» What you are asked to do
The material below contains a line with "Switch1/1 -> Switch/3" and a line with "LineValid/1 -> OR4/2, NOT2/1". Copy exactly those two lines and all lines between them.

» Provided records
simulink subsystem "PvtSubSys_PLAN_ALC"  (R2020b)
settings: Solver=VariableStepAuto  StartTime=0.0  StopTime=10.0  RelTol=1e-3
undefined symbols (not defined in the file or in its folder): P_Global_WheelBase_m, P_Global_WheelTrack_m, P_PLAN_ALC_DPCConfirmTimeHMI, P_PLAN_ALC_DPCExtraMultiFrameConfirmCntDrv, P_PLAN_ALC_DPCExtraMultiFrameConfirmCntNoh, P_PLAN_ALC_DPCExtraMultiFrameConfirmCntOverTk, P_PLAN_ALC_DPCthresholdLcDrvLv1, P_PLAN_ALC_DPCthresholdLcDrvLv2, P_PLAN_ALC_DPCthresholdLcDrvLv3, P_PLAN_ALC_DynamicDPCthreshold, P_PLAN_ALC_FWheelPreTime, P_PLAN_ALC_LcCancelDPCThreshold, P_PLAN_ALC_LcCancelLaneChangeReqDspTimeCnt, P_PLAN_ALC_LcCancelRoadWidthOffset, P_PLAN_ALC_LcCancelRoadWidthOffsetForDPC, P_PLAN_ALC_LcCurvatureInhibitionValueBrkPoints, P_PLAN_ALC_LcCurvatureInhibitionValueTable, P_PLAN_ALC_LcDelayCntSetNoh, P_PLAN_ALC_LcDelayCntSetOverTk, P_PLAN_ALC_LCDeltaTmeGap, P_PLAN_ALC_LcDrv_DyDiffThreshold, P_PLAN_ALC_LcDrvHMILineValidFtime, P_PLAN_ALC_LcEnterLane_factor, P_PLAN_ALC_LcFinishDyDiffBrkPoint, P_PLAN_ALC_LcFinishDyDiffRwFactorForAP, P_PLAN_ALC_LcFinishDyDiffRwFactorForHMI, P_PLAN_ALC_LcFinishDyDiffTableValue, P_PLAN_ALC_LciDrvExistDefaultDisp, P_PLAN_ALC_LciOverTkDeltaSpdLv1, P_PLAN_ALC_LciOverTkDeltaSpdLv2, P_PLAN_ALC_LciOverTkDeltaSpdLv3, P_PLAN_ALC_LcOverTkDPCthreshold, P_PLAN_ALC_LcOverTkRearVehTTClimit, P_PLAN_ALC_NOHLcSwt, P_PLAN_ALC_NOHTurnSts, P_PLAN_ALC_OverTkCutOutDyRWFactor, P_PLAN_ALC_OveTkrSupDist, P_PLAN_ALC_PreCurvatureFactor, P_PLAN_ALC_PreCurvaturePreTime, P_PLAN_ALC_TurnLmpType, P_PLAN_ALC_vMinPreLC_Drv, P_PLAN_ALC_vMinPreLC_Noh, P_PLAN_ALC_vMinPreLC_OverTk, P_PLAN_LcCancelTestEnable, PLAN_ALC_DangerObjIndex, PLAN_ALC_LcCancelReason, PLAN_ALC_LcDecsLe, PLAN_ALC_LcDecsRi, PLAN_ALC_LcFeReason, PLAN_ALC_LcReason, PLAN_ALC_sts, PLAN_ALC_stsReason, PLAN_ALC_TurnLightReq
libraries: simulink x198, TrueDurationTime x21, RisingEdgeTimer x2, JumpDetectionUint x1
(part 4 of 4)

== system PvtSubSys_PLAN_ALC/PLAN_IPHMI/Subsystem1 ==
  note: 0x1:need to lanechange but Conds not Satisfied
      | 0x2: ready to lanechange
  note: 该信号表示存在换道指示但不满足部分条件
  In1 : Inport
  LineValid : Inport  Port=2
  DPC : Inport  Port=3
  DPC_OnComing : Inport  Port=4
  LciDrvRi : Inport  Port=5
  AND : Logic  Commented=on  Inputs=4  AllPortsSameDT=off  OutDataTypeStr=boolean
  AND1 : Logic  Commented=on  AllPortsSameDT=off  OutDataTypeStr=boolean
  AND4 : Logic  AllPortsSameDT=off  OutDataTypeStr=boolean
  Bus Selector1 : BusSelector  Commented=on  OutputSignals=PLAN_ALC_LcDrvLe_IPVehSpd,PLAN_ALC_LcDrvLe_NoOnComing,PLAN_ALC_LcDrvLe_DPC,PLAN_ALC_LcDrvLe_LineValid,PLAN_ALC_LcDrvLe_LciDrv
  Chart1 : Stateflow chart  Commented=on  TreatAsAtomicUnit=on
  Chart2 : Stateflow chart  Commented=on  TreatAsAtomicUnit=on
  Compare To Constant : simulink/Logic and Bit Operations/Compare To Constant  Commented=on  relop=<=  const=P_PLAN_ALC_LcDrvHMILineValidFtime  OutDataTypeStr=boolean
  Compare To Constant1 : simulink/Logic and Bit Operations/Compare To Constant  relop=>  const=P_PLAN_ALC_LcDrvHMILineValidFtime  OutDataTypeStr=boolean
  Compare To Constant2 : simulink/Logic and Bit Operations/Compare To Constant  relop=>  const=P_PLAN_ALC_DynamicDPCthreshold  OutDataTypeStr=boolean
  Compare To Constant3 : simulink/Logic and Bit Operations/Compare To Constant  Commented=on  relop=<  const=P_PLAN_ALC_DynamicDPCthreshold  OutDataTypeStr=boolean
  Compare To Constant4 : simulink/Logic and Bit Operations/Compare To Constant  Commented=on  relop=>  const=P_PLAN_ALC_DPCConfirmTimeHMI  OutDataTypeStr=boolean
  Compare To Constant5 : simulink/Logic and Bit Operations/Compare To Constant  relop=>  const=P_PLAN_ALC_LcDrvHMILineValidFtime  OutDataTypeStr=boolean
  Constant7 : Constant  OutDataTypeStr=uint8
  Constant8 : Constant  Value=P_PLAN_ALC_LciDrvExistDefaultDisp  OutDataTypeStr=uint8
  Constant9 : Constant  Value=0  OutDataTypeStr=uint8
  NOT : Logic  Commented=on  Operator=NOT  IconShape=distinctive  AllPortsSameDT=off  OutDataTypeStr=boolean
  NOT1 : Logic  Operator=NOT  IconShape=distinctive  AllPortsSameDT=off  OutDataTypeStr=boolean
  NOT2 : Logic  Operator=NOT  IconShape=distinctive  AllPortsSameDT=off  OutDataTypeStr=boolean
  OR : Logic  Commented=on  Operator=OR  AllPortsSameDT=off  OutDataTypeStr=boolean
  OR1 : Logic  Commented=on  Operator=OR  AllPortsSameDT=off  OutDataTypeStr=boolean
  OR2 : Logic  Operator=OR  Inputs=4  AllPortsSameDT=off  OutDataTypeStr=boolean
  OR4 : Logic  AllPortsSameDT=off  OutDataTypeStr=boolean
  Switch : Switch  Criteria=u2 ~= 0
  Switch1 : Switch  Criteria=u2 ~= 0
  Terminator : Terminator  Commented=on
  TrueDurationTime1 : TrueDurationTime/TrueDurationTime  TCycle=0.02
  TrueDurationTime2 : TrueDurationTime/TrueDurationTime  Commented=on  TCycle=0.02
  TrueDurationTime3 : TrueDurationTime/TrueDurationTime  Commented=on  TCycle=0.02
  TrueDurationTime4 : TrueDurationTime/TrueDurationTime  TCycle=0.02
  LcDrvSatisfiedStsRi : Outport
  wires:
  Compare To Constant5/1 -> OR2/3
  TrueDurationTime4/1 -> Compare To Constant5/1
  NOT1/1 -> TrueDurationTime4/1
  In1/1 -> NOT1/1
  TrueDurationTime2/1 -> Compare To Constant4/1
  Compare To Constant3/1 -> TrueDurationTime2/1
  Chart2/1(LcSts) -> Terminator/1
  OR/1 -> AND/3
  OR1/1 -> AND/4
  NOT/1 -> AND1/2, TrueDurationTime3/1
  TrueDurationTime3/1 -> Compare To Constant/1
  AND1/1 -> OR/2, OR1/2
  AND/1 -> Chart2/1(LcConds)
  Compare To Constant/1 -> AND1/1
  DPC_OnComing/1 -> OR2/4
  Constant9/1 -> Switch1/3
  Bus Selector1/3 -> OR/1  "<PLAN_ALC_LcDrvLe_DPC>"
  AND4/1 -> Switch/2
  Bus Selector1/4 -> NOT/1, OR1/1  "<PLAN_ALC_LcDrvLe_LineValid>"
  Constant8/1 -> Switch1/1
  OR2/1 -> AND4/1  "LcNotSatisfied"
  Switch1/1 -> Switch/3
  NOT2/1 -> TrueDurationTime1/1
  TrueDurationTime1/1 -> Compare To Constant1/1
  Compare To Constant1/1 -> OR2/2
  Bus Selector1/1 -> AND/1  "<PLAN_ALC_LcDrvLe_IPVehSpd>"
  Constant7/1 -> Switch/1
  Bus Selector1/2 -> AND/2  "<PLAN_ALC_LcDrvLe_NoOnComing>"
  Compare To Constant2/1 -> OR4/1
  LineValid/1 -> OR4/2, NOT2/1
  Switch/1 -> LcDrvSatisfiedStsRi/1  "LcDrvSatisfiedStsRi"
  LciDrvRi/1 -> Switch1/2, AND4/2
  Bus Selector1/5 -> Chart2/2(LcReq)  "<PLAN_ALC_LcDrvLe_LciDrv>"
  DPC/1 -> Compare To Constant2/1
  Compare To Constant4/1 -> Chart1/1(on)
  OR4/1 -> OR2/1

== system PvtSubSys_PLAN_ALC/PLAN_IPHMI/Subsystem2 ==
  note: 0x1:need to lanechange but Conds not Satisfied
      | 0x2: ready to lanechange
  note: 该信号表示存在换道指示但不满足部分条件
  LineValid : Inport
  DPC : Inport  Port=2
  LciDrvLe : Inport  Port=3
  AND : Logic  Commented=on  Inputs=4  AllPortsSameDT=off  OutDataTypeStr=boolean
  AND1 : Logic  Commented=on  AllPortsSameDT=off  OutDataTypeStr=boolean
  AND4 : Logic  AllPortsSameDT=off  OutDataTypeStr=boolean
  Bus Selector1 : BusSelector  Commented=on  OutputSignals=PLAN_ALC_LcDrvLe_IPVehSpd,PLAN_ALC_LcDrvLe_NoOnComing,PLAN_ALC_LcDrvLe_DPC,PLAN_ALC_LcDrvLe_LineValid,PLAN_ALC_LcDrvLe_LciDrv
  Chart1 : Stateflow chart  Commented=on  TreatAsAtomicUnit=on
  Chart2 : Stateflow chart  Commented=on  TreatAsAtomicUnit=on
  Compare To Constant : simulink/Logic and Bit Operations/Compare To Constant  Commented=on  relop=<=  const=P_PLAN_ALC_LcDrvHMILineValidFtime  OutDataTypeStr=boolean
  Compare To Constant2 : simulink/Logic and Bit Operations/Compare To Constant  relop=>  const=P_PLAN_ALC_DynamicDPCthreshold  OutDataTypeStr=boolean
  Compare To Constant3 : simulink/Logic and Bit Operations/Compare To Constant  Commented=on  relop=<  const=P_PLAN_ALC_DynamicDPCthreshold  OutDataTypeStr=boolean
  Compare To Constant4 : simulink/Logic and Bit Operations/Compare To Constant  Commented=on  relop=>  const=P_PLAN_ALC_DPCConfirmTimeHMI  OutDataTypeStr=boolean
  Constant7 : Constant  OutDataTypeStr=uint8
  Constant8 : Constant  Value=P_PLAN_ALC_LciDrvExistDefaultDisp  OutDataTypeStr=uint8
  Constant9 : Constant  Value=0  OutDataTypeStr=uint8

» Output
  Switch1/1 -> Switch/3
  NOT2/1 -> TrueDurationTime1/1
  TrueDurationTime1/1 -> Compare To Constant1/1
  Compare To Constant1/1 -> OR2/2
  Bus Selector1/1 -> AND/1  "<PLAN_ALC_LcDrvLe_IPVehSpd>"
  Constant7/1 -> Switch/1
  Bus Selector1/2 -> AND/2  "<PLAN_ALC_LcDrvLe_NoOnComing>"
  Compare To Constant2/1 -> OR4/1
  LineValid/1 -> OR4/2, NOT2/1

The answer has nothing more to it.